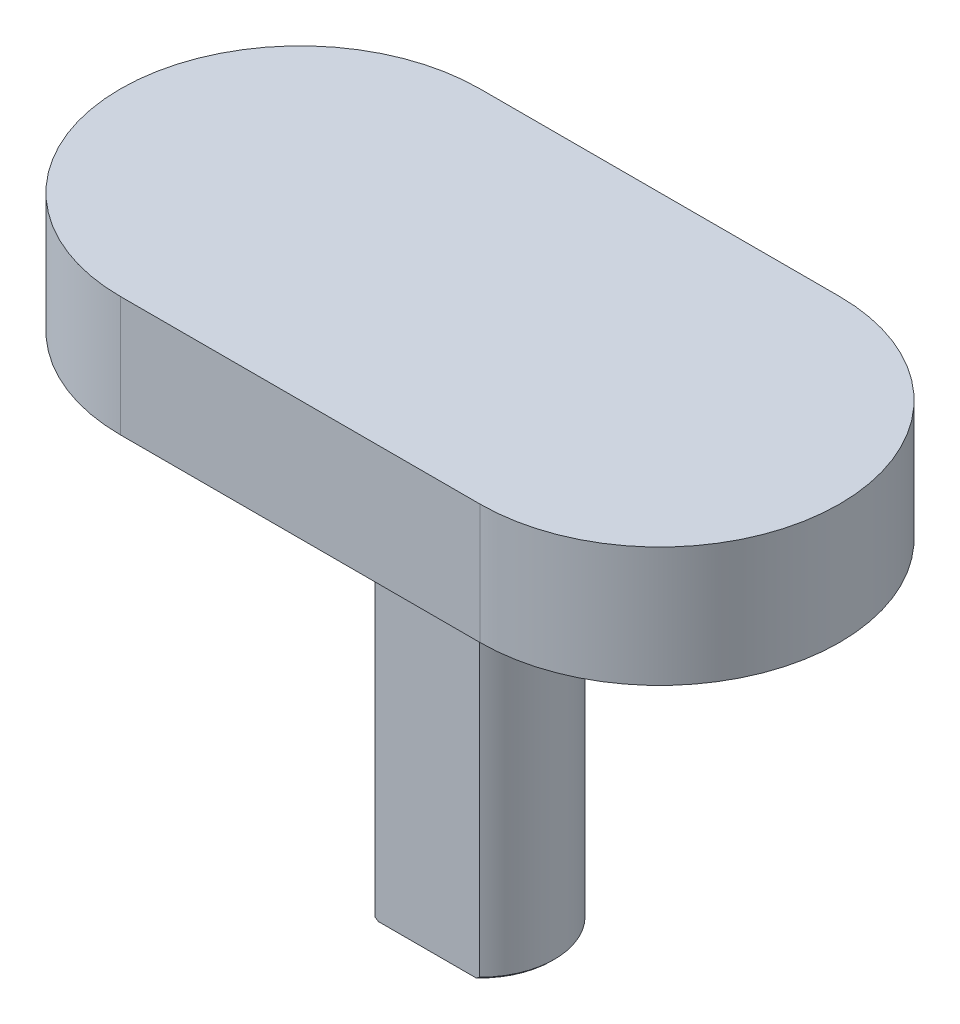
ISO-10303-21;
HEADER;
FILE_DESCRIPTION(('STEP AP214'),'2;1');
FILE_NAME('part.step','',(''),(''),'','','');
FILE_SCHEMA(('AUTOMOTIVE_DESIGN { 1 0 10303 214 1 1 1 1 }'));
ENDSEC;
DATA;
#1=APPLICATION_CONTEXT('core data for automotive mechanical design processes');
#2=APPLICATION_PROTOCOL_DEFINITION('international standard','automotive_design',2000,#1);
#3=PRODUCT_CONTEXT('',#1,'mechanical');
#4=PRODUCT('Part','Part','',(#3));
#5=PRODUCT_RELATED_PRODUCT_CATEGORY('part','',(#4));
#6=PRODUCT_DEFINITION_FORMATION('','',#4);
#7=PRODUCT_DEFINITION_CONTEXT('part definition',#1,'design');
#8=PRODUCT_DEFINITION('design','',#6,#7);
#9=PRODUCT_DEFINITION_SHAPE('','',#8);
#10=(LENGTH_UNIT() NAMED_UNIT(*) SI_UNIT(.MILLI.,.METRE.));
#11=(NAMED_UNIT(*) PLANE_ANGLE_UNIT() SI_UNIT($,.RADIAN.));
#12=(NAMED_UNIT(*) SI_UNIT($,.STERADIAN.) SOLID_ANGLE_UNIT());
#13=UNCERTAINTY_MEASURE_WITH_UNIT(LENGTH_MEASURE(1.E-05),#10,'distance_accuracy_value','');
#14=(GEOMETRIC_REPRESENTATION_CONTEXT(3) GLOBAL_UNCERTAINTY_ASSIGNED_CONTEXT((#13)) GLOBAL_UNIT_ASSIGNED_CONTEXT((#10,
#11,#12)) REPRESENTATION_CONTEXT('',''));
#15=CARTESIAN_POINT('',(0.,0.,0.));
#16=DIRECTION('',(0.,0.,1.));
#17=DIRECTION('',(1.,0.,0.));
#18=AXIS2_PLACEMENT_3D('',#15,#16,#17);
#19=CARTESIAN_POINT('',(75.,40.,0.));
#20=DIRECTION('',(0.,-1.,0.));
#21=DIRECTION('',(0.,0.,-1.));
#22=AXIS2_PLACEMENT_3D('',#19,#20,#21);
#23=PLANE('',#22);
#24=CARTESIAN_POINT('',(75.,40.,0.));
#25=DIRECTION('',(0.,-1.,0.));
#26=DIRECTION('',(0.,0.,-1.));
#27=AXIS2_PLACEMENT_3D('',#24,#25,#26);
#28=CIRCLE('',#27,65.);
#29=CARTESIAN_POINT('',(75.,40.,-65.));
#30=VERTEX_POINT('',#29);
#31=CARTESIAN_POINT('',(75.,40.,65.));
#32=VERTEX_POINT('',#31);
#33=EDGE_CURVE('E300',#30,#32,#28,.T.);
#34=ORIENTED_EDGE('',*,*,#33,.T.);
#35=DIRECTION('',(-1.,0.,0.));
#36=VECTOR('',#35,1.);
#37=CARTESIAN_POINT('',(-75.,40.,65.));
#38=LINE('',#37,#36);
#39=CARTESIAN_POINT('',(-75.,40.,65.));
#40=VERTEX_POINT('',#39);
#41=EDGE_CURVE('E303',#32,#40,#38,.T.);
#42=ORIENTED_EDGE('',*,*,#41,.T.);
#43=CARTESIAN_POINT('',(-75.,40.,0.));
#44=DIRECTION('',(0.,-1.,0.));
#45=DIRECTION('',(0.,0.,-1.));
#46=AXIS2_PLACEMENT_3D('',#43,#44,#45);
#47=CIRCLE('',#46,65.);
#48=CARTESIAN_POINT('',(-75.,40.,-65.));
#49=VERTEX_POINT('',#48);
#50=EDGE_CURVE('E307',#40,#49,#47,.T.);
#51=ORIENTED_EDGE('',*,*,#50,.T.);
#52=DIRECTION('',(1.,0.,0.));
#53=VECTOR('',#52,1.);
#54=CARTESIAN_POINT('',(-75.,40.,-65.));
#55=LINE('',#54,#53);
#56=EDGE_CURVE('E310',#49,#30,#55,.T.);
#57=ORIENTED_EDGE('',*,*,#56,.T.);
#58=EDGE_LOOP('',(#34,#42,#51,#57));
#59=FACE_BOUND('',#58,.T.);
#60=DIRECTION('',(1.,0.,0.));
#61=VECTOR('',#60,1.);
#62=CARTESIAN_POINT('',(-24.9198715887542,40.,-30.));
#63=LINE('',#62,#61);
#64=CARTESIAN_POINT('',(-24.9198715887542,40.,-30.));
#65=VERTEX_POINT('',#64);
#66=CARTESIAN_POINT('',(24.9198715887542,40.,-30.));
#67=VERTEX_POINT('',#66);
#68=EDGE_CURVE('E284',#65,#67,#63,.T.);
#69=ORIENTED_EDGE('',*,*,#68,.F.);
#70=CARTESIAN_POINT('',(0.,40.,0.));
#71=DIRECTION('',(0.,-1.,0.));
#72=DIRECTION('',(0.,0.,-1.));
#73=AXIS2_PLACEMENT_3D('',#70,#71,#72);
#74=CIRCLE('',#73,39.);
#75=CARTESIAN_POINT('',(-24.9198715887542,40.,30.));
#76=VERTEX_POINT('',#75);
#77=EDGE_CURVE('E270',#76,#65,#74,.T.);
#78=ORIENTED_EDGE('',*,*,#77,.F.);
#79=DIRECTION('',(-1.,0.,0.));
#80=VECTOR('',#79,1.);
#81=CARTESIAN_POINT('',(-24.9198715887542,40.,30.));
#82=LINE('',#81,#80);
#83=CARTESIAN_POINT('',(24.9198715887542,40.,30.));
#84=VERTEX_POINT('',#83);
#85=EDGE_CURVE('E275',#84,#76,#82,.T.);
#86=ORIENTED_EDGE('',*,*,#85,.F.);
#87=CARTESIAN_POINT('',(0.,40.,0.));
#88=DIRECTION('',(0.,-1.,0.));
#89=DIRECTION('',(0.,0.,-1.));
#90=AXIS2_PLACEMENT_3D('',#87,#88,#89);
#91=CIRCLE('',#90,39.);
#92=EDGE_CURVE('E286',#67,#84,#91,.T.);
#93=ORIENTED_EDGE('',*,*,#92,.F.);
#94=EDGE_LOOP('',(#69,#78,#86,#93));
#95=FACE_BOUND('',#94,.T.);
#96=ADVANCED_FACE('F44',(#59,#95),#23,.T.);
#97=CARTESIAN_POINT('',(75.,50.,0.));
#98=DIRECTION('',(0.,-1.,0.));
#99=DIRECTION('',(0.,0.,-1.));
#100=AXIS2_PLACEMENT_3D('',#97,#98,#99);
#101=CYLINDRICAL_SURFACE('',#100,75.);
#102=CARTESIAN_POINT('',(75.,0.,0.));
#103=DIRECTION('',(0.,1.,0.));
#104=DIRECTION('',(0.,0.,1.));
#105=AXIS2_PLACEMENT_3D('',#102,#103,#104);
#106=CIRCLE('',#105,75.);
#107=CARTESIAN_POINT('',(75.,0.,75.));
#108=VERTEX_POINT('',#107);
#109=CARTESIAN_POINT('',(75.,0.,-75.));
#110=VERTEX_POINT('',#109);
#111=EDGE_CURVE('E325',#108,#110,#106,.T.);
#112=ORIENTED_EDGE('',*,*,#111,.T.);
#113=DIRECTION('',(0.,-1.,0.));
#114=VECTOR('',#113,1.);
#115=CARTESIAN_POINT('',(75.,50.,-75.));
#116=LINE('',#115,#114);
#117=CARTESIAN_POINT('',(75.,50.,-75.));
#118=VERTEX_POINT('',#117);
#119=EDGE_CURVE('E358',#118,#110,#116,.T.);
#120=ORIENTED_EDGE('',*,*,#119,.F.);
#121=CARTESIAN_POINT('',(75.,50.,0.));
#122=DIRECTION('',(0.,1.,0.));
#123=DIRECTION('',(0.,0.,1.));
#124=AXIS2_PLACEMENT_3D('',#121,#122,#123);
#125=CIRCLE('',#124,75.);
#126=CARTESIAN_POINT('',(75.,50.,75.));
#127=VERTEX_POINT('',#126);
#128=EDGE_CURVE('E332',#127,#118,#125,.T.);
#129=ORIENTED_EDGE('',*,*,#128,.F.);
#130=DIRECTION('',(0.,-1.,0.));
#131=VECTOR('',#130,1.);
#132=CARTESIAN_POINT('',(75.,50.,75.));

** Task directions **
Scan each line above for the string "VECTOR". Give the tally and nothing else.

** Solution to this exercise **
6